#### [Work required]
This exercise calls for the records to be returned exactly, with images removed.

#### [Input data]
★ ★ ★ ★

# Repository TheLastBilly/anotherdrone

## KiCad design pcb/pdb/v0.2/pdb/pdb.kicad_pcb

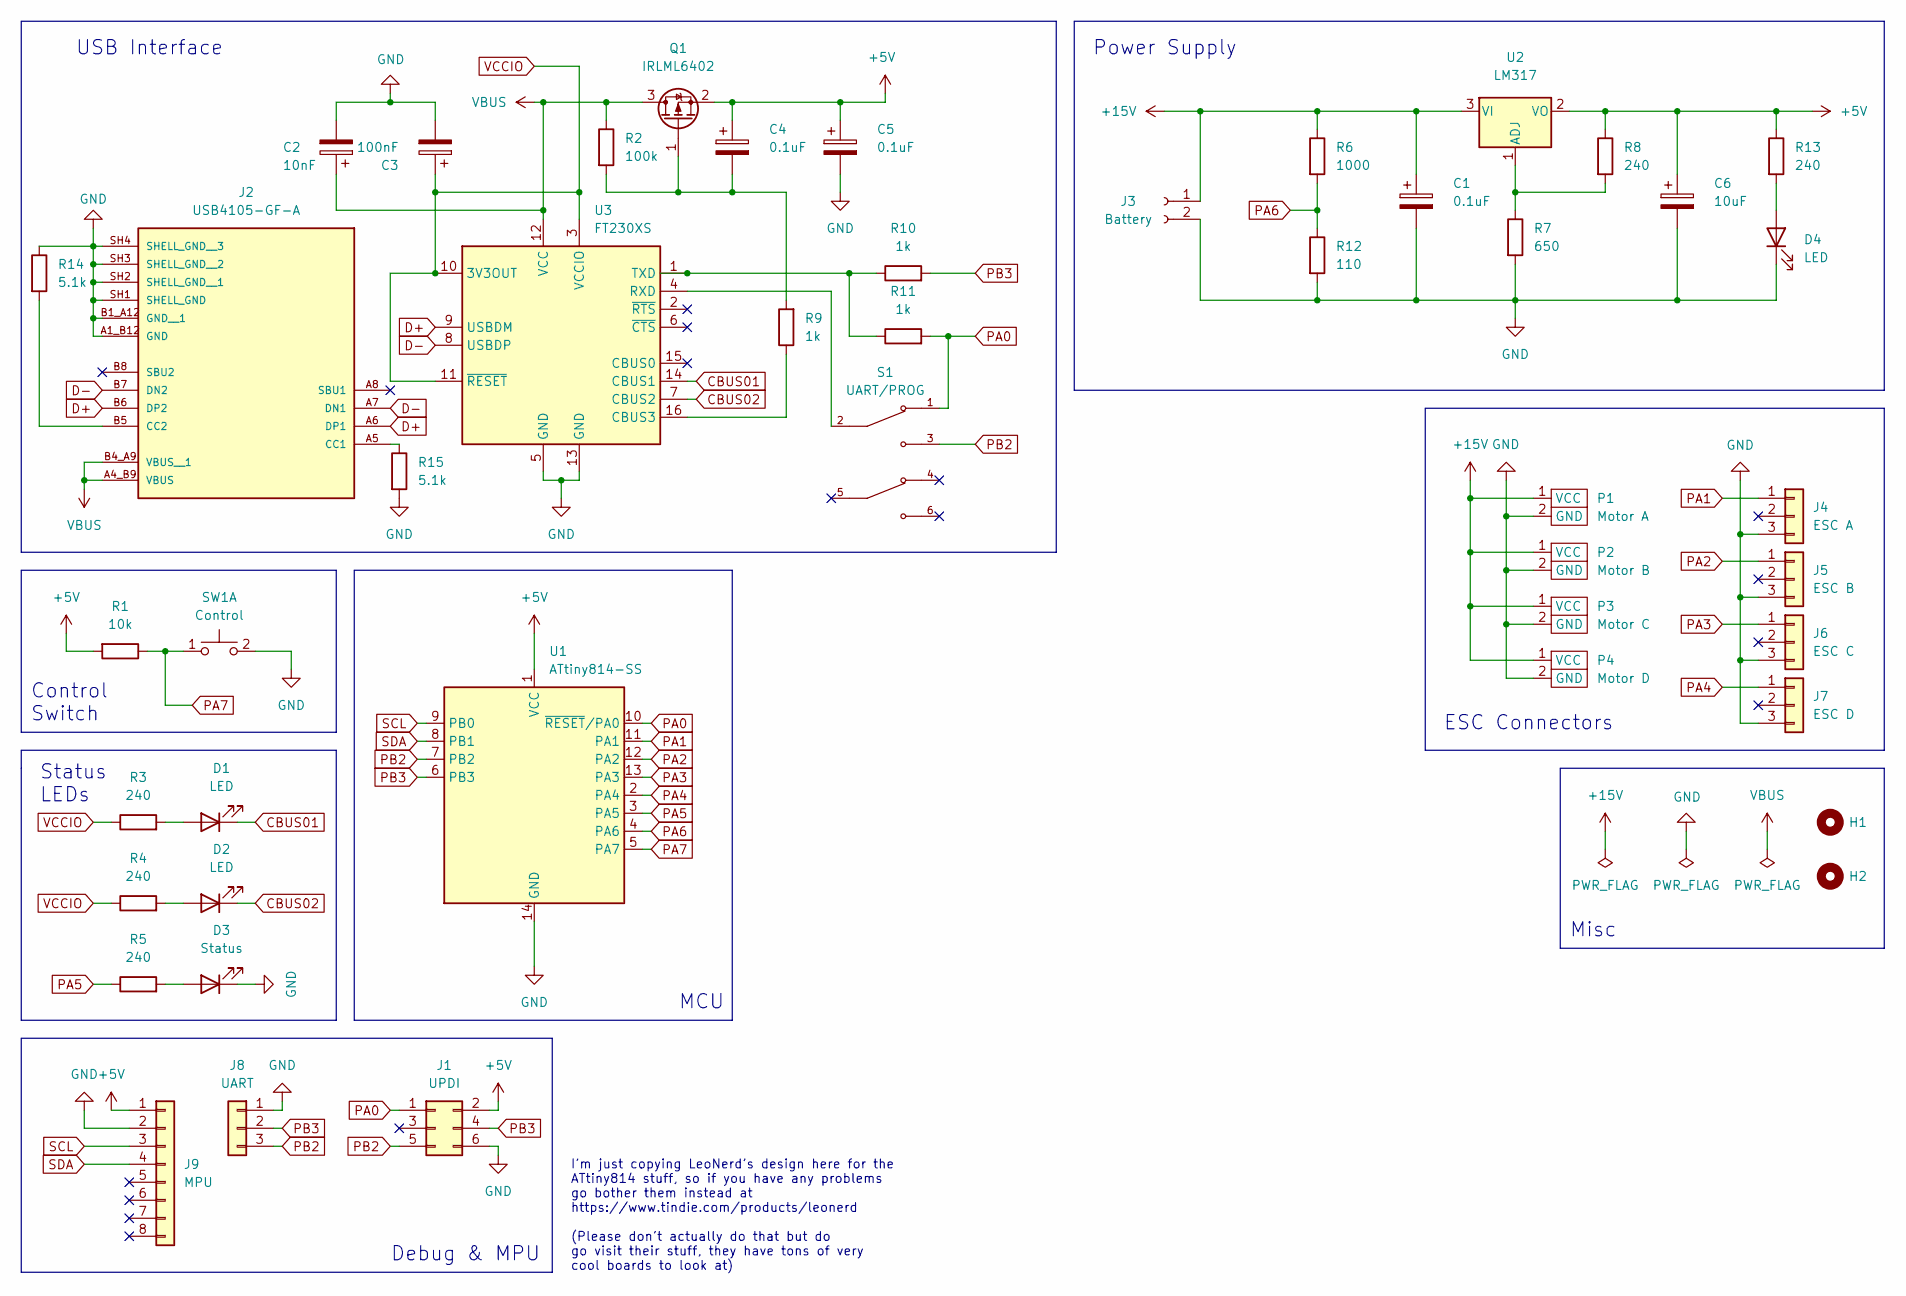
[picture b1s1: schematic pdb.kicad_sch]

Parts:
C1, C4, C5: 0.1uF; C_1206_3216Metric
C2: 10nF; C_1206_3216Metric
C3: 100nF; C_1206_3216Metric
C6: 10uF; C_1206_3216Metric
D1, D2, D4: LED; LED_0805_2012Metric
D3: Status; LED_0805_2012Metric
H1, H2: MountingHole; MountingHole_4.3mm_M4_Pad
J1: UPDI; PinSocket_2x03_P2.54mm_Vertical
J2: USB4105-GF-A; GCT_USB4105-GF-A; PARTREV B4
J3: Battery; ESC_Power_01x02
J4: ESC A; PinSocket_1x03_P2.54mm_Vertical
J5: ESC B; PinSocket_1x03_P2.54mm_Vertical
J6: ESC C; PinSocket_1x03_P2.54mm_Vertical
J7: ESC D; PinSocket_1x03_P2.54mm_Vertical
J8: UART; PinSocket_1x03_P2.54mm_Vertical
J9: MPU; PinSocket_1x08_P2.54mm_Vertical
P1: Motor A; ESC_Power_01x02
P2: Motor B; ESC_Power_01x02
P3: Motor C; ESC_Power_01x02
P4: Motor D; ESC_Power_01x02
Q1: IRLML6402; SOT-23
R1: 10k; R_1206_3216Metric
R2: 100k; R_1206_3216Metric
R3, R4, R5, R8, R13: 240; R_1206_3216Metric
R6: 1000; R_1206_3216Metric
R7: 650; R_1206_3216Metric
R9, R10, R11: 1k; R_1206_3216Metric
R12: 110; R_1206_3216Metric
R14, R15: 5.1k; R_1206_3216Metric
S1: UART/PROG; SW_CuK_JS202011AQN_DPDT_Angled; PARTREV 1.01
SW1: Control; SW_PUSH_6mm
U1: ATtiny814-SS; SOIC-14_3.9x8.7mm_P1.27mm
U2: LM317; SOT-223-3_TabPin2
U3: FT230XS; SSOP16-0.635-5X4MM

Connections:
+5V: C4.1, C5.1, C6.1, J1.2, J9.1, Q1.2 (S), R1.2, R8.1, R13.1, U1.1 (VCC), U2.2 (VO)
+15V: C1.1, J3.1, P1.1 (VCC), P2.1 (VCC), P3.1 (VCC), P4.1 (VCC), R6.1, U2.3 (VI)
CBUS01: D1.1 (K), U3.14 (CBUS1)
CBUS02: D2.1 (K), U3.7 (CBUS2)
D+: J2.A6 (DP1), J2.B6 (DP2), U3.9 (USBDM)
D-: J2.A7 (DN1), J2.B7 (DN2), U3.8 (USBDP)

★ ★ ★ ★

#### [Problem solution]
# Repository TheLastBilly/anotherdrone

## KiCad design pcb/pdb/v0.2/pdb/pdb.kicad_pcb

[picture b1s1: schematic pdb.kicad_sch]

Parts:
C1, C4, C5: 0.1uF; C_1206_3216Metric
C2: 10nF; C_1206_3216Metric
C3: 100nF; C_1206_3216Metric
C6: 10uF; C_1206_3216Metric
D1, D2, D4: LED; LED_0805_2012Metric
D3: Status; LED_0805_2012Metric
H1, H2: MountingHole; MountingHole_4.3mm_M4_Pad
J1: UPDI; PinSocket_2x03_P2.54mm_Vertical
J2: USB4105-GF-A; GCT_USB4105-GF-A; PARTREV B4
J3: Battery; ESC_Power_01x02
J4: ESC A; PinSocket_1x03_P2.54mm_Vertical
J5: ESC B; PinSocket_1x03_P2.54mm_Vertical
J6: ESC C; PinSocket_1x03_P2.54mm_Vertical
J7: ESC D; PinSocket_1x03_P2.54mm_Vertical
J8: UART; PinSocket_1x03_P2.54mm_Vertical
J9: MPU; PinSocket_1x08_P2.54mm_Vertical
P1: Motor A; ESC_Power_01x02
P2: Motor B; ESC_Power_01x02
P3: Motor C; ESC_Power_01x02
P4: Motor D; ESC_Power_01x02
Q1: IRLML6402; SOT-23
R1: 10k; R_1206_3216Metric
R2: 100k; R_1206_3216Metric
R3, R4, R5, R8, R13: 240; R_1206_3216Metric
R6: 1000; R_1206_3216Metric
R7: 650; R_1206_3216Metric
R9, R10, R11: 1k; R_1206_3216Metric
R12: 110; R_1206_3216Metric
R14, R15: 5.1k; R_1206_3216Metric
S1: UART/PROG; SW_CuK_JS202011AQN_DPDT_Angled; PARTREV 1.01
SW1: Control; SW_PUSH_6mm
U1: ATtiny814-SS; SOIC-14_3.9x8.7mm_P1.27mm
U2: LM317; SOT-223-3_TabPin2
U3: FT230XS; SSOP16-0.635-5X4MM

Connections:
+5V: C4.1, C5.1, C6.1, J1.2, J9.1, Q1.2 (S), R1.2, R8.1, R13.1, U1.1 (VCC), U2.2 (VO)
+15V: C1.1, J3.1, P1.1 (VCC), P2.1 (VCC), P3.1 (VCC), P4.1 (VCC), R6.1, U2.3 (VI)
CBUS01: D1.1 (K), U3.14 (CBUS1)
CBUS02: D2.1 (K), U3.7 (CBUS2)
D+: J2.A6 (DP1), J2.B6 (DP2), U3.9 (USBDM)
D-: J2.A7 (DN1), J2.B7 (DN2), U3.8 (USBDP)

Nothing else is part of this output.